Of all the entries below, only the lines from the one with "Demux/2 -> Acceleration" up to and including the one with "Constant/1 -> Switch/2" are to be duplicated exactly.

__________________________________________________

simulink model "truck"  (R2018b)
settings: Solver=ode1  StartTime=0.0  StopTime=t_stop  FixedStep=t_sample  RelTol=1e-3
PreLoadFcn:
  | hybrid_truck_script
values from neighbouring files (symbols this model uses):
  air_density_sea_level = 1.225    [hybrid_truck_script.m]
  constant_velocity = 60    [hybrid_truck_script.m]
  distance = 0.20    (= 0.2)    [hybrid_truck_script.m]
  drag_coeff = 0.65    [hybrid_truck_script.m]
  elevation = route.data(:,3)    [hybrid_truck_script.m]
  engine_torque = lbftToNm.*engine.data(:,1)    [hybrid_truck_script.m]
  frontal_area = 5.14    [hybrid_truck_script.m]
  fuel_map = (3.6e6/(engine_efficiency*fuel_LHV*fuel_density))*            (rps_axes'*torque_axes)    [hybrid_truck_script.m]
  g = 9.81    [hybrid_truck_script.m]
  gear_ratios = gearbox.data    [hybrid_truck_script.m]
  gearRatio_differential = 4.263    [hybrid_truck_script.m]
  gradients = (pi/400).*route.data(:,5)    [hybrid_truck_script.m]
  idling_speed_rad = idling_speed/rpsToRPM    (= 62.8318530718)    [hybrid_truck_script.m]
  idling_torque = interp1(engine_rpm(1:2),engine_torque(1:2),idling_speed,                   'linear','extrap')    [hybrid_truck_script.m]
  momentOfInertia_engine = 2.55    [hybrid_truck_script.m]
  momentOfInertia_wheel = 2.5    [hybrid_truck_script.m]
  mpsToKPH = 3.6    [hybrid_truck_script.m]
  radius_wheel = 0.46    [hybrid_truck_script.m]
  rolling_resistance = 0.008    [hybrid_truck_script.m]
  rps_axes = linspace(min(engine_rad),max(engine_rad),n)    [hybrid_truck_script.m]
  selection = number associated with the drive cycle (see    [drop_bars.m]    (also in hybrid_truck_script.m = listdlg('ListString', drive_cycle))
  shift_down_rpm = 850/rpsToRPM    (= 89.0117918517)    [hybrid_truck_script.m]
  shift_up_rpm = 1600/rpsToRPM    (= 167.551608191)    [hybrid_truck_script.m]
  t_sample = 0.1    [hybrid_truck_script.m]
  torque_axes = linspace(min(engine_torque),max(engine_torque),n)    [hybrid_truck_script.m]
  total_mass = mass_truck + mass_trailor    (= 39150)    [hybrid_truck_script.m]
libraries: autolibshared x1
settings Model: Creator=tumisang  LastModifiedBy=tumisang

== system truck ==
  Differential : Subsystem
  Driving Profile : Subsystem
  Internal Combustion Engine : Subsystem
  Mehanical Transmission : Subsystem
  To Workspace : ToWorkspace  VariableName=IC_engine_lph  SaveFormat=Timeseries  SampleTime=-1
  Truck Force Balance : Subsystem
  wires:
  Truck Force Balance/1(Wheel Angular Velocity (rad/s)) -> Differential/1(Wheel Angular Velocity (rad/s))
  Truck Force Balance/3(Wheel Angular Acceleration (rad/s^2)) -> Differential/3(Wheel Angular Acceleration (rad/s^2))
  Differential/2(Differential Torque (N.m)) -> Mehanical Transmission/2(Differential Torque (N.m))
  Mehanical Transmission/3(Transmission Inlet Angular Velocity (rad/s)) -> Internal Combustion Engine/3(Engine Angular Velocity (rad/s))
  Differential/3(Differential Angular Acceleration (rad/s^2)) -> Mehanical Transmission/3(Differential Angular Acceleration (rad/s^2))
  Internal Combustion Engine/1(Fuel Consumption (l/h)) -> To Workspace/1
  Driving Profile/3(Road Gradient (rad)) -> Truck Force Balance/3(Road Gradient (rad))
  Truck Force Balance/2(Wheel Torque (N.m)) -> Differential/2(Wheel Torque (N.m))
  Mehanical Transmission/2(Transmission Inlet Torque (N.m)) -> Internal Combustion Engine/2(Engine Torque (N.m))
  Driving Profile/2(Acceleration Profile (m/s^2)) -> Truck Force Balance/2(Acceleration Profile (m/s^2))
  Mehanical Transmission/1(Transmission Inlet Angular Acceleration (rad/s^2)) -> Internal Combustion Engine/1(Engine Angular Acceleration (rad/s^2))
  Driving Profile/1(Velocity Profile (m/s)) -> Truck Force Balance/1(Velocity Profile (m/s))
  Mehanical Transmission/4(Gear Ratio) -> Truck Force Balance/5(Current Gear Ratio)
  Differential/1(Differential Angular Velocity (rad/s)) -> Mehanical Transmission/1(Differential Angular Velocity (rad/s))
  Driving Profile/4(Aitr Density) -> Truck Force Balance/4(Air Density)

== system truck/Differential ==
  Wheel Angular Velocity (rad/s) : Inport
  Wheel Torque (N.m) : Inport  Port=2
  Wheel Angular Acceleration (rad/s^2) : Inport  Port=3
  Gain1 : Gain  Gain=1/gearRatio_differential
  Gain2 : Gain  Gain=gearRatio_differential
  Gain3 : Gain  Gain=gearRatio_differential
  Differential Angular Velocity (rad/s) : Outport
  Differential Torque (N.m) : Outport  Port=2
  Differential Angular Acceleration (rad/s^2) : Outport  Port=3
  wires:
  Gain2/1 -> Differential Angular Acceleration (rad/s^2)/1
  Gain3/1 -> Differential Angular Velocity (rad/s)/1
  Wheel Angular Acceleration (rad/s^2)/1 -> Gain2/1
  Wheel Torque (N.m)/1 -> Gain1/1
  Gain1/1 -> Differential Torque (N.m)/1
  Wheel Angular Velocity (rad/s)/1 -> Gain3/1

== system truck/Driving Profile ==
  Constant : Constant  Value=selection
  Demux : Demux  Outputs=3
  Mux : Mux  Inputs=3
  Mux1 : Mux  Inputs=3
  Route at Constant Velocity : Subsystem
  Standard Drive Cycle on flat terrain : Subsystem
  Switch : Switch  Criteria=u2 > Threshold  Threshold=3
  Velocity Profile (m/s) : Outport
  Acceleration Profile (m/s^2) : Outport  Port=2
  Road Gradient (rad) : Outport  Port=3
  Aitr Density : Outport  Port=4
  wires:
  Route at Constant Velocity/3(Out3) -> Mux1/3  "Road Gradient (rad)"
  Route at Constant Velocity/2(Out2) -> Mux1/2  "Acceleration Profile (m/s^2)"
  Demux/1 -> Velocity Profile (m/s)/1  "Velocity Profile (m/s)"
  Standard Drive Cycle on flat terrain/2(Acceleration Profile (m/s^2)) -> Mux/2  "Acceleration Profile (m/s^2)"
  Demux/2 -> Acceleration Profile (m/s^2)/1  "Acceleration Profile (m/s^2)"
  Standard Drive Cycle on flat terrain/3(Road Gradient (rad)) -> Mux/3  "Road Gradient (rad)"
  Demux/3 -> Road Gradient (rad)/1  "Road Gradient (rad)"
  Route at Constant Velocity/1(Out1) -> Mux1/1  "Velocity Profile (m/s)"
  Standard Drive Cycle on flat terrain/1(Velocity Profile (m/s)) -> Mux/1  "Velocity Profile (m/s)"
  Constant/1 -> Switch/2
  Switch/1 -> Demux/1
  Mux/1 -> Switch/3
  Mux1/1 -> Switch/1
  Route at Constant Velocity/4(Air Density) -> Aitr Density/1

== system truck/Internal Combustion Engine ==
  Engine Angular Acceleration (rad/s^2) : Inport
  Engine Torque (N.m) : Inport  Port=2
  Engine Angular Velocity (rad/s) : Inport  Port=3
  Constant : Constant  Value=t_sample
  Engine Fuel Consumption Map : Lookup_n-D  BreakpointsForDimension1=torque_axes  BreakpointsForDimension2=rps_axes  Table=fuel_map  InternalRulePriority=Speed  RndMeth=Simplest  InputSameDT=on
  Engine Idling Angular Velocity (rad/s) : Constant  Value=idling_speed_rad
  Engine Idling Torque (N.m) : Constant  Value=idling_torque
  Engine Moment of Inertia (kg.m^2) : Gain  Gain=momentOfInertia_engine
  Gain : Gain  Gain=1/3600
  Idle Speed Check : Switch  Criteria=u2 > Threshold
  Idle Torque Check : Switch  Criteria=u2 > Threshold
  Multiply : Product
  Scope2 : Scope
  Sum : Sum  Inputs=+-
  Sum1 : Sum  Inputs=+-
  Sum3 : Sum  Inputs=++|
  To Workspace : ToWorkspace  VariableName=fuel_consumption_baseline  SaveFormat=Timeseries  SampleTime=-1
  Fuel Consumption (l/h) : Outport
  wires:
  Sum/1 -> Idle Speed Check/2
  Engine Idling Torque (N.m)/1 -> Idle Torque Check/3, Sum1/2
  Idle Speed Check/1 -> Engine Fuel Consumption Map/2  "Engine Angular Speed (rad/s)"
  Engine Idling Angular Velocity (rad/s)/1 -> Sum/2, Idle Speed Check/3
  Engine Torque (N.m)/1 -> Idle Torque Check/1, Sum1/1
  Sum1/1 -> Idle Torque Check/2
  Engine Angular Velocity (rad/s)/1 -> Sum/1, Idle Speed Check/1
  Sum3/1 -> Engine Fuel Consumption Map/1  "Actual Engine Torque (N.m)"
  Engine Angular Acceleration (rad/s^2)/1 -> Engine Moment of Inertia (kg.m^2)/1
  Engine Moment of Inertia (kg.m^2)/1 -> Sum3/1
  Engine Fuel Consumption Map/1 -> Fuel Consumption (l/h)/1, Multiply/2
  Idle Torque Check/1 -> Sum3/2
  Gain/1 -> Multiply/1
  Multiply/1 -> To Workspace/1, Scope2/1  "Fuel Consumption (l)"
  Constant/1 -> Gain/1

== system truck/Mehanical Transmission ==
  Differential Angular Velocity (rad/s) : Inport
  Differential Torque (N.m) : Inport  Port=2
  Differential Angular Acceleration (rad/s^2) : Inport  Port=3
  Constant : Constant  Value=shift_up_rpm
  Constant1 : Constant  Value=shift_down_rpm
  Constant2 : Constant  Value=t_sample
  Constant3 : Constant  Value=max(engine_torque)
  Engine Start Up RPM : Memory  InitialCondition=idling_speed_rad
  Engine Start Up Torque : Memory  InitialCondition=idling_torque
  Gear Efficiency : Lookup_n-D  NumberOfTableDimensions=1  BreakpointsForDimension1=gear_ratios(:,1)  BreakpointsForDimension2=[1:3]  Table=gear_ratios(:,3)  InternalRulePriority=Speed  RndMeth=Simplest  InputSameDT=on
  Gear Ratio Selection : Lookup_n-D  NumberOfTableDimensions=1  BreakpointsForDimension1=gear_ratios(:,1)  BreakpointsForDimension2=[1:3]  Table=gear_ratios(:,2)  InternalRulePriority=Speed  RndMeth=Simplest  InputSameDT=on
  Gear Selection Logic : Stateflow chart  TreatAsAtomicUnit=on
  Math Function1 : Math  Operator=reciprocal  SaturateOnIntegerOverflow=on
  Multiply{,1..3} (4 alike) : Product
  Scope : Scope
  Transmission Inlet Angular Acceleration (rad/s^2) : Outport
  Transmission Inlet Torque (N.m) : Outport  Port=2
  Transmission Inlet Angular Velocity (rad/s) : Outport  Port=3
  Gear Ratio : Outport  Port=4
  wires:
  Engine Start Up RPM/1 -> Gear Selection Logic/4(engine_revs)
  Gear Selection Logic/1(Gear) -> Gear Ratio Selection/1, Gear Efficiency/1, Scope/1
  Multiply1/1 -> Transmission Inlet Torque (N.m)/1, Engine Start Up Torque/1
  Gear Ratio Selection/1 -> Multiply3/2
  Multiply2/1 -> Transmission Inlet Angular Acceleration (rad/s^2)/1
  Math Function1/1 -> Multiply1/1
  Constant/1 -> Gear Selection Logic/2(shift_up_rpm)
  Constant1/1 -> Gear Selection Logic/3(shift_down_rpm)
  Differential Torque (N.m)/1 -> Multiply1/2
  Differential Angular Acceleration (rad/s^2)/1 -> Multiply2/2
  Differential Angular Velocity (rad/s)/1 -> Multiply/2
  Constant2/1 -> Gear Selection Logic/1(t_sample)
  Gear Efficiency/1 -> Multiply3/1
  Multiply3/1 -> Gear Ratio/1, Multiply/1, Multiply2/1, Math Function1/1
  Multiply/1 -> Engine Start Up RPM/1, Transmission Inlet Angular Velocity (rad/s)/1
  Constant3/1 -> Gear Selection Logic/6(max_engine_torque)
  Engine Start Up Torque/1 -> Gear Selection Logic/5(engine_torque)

__________________________________________________

### Output of the task
  Demux/2 -> Acceleration Profile (m/s^2)/1  "Acceleration Profile (m/s^2)"
  Standard Drive Cycle on flat terrain/3(Road Gradient (rad)) -> Mux/3  "Road Gradient (rad)"
  Demux/3 -> Road Gradient (rad)/1  "Road Gradient (rad)"
  Route at Constant Velocity/1(Out1) -> Mux1/1  "Velocity Profile (m/s)"
  Standard Drive Cycle on flat terrain/1(Velocity Profile (m/s)) -> Mux/1  "Velocity Profile (m/s)"
  Constant/1 -> Switch/2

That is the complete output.